Following this definition, NP synthesized using plant extracts or other nature-derived extracts are excluded. We previously commented on the benefits of avoiding plant extracts to ensure more reproducible results and green syntheses, for instance in the synthesis of gold (Au) NPs [5]. Indeed, obtaining plant extracts often require organic chemicals and/or solvents; therefore, the common approach of using plant based of food-based extracts to prepare Au NPs [8] might not be as green as expected in the first place. Moreover, plants/fruits from different parts of the world will have different properties which can make the syntheses challenging to reproduce. In addition, the more chemicals used, the more likely the presence of impurities detrimental to optimize the reproducibility of NP syntheses [9].

These drawbacks are at least partially addressed in surfactant-free colloidal syntheses where only simple chemicals such as water, a base and an alcohol are used [5]. However, reproducibility in the chemical sciences remains a general concern and challenge [10]. Often, seemingly irrelevant experimental details actually lead to significantly different results, if they are not properly controlled and addressed. An example is Au NPs and the Turkevich-Frens synthesis using citrate as reducing agent and stabilizer [11], where the order of the addition of the chemicals strongly influences the size and size distribution of the resulting NPs [12]. Detailed protocols are certainly necessary to alleviate this possible source of irreproducibility [13]. Another source of irreproducibility comes from the purity of the chemicals used [9]. The latter can affect for instance the structural and/or catalytic properties of the NPs [9, 14]. The effect of impurities can be especially important in surfactant-free colloidal syntheses where mainly electrostatic interactions and stabilization by small molecules are observed [2, 15]. If fundamental research will prefer the use of well-defined and high purity chemicals, scaling up and real-life applications might benefit from lower purity alternatives, typically cheaper, provided the quality and performances of the NPs are not detrimentally affected.

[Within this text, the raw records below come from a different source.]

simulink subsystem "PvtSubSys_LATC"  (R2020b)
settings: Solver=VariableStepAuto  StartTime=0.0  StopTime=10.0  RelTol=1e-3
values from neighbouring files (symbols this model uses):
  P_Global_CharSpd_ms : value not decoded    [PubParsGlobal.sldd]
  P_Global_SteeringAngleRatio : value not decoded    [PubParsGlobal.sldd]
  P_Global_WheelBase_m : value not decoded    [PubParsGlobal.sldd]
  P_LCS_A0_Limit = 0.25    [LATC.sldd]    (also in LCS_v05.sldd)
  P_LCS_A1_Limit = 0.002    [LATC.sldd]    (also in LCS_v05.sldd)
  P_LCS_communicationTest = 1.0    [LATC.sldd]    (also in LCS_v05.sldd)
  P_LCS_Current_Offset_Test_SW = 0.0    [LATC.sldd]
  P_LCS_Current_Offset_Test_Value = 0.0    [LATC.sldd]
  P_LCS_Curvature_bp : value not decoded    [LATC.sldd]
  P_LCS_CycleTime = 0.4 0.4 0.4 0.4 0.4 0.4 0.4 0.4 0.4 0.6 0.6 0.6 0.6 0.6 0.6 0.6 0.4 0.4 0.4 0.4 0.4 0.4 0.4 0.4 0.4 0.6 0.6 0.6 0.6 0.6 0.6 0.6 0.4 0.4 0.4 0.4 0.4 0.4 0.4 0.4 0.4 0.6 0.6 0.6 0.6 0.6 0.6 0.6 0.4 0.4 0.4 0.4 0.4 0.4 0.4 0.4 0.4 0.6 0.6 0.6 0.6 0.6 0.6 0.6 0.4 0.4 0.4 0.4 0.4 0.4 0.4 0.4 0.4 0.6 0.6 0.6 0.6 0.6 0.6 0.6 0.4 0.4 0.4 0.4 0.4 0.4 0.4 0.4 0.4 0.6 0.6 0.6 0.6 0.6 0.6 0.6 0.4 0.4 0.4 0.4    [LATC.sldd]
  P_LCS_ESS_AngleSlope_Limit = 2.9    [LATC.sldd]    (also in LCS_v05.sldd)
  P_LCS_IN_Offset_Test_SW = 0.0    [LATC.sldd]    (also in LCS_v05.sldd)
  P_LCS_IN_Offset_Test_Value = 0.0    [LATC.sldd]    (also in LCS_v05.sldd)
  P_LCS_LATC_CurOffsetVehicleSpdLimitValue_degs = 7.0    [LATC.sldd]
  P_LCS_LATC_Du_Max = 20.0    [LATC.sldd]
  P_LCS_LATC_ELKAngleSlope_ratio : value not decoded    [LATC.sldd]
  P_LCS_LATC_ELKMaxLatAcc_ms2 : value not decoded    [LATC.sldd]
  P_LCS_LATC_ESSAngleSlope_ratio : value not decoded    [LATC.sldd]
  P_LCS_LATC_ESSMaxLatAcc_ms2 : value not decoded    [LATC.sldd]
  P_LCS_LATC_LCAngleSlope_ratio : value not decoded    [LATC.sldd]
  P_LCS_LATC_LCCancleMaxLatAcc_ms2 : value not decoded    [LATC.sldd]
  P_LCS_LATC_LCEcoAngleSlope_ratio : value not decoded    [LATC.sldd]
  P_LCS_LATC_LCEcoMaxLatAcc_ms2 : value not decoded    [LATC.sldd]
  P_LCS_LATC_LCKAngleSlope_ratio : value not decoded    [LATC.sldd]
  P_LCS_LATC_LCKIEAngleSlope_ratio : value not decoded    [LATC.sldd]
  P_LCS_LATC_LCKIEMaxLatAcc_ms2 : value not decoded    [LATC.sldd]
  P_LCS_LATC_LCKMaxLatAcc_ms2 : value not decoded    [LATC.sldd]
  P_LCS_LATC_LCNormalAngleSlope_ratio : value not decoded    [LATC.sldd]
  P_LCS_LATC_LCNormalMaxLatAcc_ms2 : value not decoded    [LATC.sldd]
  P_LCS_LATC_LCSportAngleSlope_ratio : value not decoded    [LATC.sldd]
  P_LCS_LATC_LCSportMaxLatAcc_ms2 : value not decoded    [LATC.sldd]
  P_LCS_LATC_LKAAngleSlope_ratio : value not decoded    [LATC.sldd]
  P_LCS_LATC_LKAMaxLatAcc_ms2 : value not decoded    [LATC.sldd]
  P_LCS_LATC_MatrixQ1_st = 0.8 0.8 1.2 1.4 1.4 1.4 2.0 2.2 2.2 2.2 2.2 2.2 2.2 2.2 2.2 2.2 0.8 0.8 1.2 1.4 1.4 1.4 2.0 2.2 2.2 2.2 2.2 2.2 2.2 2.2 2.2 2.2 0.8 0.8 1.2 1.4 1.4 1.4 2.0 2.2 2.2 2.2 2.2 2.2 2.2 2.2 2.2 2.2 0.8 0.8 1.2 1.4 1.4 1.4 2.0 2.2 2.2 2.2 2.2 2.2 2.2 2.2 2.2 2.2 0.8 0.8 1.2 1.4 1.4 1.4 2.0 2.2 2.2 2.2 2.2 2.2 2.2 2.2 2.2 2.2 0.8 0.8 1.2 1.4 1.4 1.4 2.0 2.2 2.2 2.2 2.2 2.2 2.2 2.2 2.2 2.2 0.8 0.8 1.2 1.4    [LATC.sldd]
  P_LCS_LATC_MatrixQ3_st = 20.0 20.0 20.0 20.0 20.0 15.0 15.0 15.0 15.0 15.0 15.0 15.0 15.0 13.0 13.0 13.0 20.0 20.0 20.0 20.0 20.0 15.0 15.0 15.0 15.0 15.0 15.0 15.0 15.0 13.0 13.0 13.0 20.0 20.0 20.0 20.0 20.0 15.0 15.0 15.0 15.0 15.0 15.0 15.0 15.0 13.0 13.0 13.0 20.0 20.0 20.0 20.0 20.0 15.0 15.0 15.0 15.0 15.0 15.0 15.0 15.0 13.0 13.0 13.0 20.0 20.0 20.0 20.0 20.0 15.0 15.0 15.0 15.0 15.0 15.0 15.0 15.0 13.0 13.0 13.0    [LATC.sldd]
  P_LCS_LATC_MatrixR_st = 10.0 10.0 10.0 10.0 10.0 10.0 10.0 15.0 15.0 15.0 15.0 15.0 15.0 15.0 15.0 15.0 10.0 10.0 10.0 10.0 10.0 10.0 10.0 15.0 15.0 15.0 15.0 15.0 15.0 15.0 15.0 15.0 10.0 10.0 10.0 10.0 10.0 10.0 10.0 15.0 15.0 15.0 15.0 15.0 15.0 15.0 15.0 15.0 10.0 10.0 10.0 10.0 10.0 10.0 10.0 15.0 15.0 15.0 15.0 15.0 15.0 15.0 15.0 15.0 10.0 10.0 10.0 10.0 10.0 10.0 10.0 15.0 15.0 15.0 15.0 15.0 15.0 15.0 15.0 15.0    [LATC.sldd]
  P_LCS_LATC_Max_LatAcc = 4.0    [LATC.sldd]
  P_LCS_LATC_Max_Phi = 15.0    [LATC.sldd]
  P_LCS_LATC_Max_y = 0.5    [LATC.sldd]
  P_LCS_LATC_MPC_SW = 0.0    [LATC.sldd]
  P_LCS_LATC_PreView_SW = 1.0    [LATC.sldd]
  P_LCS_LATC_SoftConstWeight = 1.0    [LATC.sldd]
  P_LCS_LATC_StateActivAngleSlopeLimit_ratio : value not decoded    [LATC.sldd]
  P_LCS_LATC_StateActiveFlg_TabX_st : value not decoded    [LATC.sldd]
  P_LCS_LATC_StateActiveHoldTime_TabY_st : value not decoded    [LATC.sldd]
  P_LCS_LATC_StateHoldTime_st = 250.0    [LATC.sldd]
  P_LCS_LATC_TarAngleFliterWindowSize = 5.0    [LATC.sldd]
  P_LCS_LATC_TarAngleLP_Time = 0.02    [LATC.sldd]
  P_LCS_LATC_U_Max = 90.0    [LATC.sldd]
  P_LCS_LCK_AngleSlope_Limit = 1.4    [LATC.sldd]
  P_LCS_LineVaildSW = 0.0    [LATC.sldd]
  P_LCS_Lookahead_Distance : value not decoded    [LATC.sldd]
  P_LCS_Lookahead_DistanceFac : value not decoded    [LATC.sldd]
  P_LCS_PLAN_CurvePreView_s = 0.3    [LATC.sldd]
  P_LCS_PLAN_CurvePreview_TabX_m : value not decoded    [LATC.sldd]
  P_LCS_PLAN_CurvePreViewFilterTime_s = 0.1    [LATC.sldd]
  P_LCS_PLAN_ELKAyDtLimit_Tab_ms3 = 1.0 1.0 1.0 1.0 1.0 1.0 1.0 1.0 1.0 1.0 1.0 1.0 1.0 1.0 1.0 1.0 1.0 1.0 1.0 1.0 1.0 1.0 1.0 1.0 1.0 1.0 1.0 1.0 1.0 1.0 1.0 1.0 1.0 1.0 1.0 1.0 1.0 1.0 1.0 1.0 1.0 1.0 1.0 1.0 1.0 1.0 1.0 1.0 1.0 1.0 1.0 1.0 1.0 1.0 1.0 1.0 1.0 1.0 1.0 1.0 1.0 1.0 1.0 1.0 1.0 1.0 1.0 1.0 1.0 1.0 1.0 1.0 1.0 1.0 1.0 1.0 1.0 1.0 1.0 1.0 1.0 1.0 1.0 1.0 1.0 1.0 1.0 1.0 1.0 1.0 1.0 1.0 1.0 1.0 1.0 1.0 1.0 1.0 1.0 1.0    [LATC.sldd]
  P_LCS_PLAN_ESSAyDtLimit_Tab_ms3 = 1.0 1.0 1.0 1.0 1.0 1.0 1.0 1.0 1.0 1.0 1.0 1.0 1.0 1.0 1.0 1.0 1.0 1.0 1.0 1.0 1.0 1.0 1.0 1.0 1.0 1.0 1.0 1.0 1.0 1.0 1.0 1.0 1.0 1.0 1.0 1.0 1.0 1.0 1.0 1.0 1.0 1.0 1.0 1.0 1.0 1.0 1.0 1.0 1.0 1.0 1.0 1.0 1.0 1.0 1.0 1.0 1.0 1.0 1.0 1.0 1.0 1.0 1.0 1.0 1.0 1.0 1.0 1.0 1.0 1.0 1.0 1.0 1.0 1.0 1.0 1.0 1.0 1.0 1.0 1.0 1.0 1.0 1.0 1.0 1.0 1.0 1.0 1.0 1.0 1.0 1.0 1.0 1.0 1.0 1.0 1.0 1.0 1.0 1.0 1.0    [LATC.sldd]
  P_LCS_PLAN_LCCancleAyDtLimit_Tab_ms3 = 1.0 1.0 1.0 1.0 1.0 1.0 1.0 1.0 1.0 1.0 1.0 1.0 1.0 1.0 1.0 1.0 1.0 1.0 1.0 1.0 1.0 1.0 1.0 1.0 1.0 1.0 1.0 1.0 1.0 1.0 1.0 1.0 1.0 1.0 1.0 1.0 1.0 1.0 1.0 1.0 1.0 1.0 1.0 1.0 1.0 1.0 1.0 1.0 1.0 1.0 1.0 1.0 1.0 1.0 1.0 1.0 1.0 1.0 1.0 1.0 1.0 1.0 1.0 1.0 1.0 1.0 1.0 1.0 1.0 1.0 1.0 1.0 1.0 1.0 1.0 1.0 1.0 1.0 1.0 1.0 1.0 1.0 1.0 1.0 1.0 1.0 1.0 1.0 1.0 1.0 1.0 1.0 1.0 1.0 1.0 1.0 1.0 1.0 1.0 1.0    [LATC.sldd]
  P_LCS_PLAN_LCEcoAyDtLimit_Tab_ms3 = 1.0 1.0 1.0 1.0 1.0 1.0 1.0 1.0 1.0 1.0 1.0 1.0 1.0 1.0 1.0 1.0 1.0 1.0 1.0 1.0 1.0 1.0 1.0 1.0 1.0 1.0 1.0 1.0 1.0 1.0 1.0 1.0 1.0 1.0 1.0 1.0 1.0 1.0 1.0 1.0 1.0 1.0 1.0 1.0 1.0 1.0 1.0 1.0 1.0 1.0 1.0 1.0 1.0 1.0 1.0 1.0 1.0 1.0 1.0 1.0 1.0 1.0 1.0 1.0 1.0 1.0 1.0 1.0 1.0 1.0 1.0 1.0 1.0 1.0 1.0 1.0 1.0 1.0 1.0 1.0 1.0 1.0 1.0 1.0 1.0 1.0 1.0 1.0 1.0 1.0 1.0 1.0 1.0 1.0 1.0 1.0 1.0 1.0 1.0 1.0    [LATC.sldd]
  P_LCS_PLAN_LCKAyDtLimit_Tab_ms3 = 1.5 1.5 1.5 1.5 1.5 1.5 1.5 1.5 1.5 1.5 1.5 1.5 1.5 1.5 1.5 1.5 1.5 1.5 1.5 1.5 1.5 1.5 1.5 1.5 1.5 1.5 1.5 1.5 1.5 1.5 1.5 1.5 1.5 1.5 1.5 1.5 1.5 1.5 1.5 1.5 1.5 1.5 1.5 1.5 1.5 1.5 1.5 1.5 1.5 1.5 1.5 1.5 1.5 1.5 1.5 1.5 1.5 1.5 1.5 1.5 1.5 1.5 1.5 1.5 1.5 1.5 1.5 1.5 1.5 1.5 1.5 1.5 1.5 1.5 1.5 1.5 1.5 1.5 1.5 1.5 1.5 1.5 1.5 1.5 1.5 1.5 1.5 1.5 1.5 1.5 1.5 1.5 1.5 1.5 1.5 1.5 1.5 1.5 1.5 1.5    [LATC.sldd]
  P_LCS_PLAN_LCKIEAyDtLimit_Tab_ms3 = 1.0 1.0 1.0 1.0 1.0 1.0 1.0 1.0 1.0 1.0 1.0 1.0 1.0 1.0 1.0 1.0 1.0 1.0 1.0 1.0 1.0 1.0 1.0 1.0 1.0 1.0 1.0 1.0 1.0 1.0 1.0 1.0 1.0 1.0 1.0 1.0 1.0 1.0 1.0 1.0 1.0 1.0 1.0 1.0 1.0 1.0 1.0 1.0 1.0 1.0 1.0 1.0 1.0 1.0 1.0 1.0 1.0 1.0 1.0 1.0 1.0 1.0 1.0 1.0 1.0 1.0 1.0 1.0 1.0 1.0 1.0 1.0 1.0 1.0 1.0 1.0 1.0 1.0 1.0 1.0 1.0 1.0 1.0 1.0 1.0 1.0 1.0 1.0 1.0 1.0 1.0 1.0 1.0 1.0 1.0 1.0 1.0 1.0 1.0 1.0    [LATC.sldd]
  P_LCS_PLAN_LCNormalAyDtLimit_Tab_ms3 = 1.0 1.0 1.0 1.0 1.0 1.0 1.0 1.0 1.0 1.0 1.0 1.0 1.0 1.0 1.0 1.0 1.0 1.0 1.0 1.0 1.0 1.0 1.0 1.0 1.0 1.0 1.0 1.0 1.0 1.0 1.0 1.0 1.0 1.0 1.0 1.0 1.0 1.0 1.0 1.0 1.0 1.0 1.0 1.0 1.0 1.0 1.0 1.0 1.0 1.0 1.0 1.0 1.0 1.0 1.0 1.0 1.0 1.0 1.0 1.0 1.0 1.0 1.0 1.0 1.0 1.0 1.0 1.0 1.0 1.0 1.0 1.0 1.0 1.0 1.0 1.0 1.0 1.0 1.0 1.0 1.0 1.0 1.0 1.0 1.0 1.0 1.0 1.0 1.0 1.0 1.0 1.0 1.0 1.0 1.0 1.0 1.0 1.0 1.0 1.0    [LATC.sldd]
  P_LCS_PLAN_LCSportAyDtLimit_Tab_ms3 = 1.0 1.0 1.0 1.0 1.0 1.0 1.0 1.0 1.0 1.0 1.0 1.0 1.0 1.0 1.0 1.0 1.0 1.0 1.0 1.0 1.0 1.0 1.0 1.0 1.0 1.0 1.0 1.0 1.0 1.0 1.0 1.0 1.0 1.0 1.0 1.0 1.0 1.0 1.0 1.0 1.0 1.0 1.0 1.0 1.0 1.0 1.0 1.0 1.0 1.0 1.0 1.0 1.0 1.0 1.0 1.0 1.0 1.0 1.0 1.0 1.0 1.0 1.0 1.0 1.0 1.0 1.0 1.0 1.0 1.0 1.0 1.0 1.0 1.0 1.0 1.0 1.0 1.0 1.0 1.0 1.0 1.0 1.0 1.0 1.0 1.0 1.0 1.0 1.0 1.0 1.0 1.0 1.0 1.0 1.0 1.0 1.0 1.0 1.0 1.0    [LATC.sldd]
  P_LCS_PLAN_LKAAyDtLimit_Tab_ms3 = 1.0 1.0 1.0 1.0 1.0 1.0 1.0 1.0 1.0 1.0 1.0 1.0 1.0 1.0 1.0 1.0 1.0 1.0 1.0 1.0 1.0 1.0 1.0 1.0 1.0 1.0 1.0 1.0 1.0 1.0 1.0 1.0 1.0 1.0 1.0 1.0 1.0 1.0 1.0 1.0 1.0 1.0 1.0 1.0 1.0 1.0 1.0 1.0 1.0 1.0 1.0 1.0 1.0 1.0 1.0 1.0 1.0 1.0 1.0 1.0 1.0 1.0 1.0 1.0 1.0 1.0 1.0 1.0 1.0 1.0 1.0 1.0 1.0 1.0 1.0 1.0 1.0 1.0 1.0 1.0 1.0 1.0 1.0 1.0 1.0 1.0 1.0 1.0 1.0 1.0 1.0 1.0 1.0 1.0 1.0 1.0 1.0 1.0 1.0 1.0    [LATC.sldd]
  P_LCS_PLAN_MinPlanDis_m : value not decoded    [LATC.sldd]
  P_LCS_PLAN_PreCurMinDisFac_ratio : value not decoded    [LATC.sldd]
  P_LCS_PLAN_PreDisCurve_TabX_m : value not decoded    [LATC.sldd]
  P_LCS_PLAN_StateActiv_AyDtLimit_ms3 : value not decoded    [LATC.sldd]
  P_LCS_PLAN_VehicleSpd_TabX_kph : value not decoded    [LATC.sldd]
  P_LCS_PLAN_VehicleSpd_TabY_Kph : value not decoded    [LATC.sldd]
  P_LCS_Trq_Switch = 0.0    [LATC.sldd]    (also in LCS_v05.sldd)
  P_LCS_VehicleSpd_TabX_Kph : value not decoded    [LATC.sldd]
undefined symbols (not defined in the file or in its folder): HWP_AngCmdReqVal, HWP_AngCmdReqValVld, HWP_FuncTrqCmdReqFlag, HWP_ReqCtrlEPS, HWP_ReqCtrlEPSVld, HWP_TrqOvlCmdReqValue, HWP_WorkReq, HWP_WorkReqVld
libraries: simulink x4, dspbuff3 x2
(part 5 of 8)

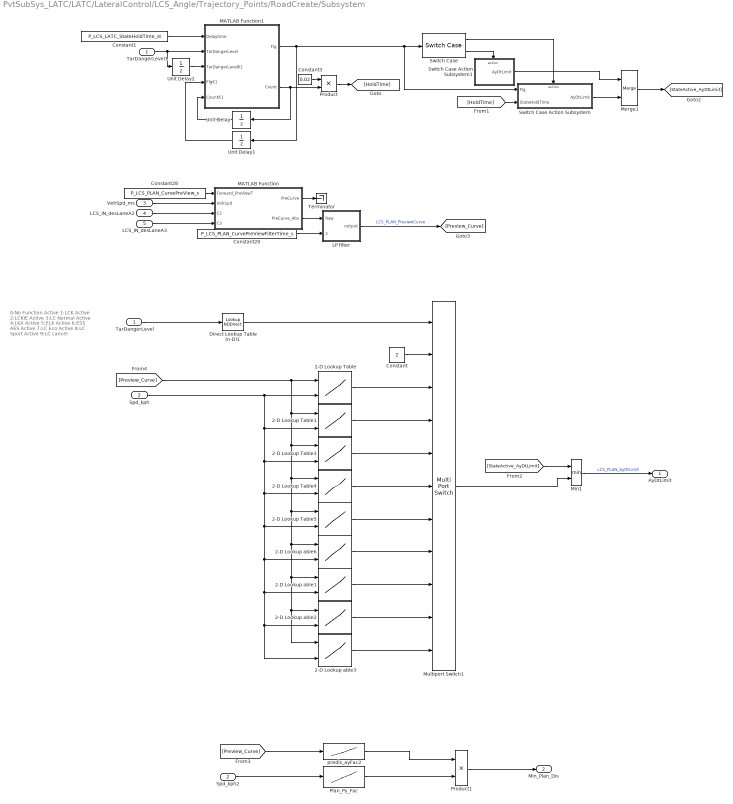
== system PvtSubSys_LATC/LATC/LateralControl/LCS_Angle/Trajectory_Points/RoadCreate/Subsystem ==
  note: 0:No Function Active
      | 1:LCK Active
      | 2:LCKIE Active
      | 3:LC Normal Active
      | 4:LKA Active
      | 5:ELK Active
      | 6:ESS AES Active
      | 7:LC Eco Active
      | 8:LC Sport Active
      | 9:LC cancel
  TarDangerLevel : Inport
  Spd_kph : Inport  Port=2
  VehSpd_ms : Inport  Port=3
  LCS_IN_desLaneA2 : Inport  Port=4
  LCS_IN_desLaneA3 : Inport  Port=5
  2-D Lookup Table : Lookup_n-D  BreakpointsForDimension1=P_LCS_PLAN_PreDisCurve_TabX_m  BreakpointsForDimension2=P_LCS_PLAN_VehicleSpd_TabY_Kph  Table=P_LCS_PLAN_LCKAyDtLimit_Tab_ms3  InternalRulePriority=Speed  RndMeth=Simplest  InputSameDT=on
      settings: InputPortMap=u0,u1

We reported a simple approach to obtain small size (5–10 nm) Au NPs using water as solvent, HAuCl4 as metal precursor and ethanol, or alternative alcohols, as the source of alkoxides that will play the role of reducing agents under slightly alkaline conditions [5, 16]. We studied the effect of different alcohols, alcohol contents, nature of the base, base concentration and temperature as well as other variables such as the type of containers used, stirring, volumes, order of addition of the chemicals and effect of the concentration of the stock solution of HAuCl4 [5, 7]. The optimal synthesis is performed at room or low (< 40 °C) temperature with 0.5 mM HAuCl4, 2 mM NaOH and ca. 20–30 v.% ethanol, and HAuClis preferentially added last to the reaction mixture from a concentrated stock solution. Various nanomaterials including bimetallic NPs can be obtained by this approach [5] and the use of a low viscosity solvents such as ethanol is directly relevant to more easily process the NPs to obtain active electrocatalysts [7].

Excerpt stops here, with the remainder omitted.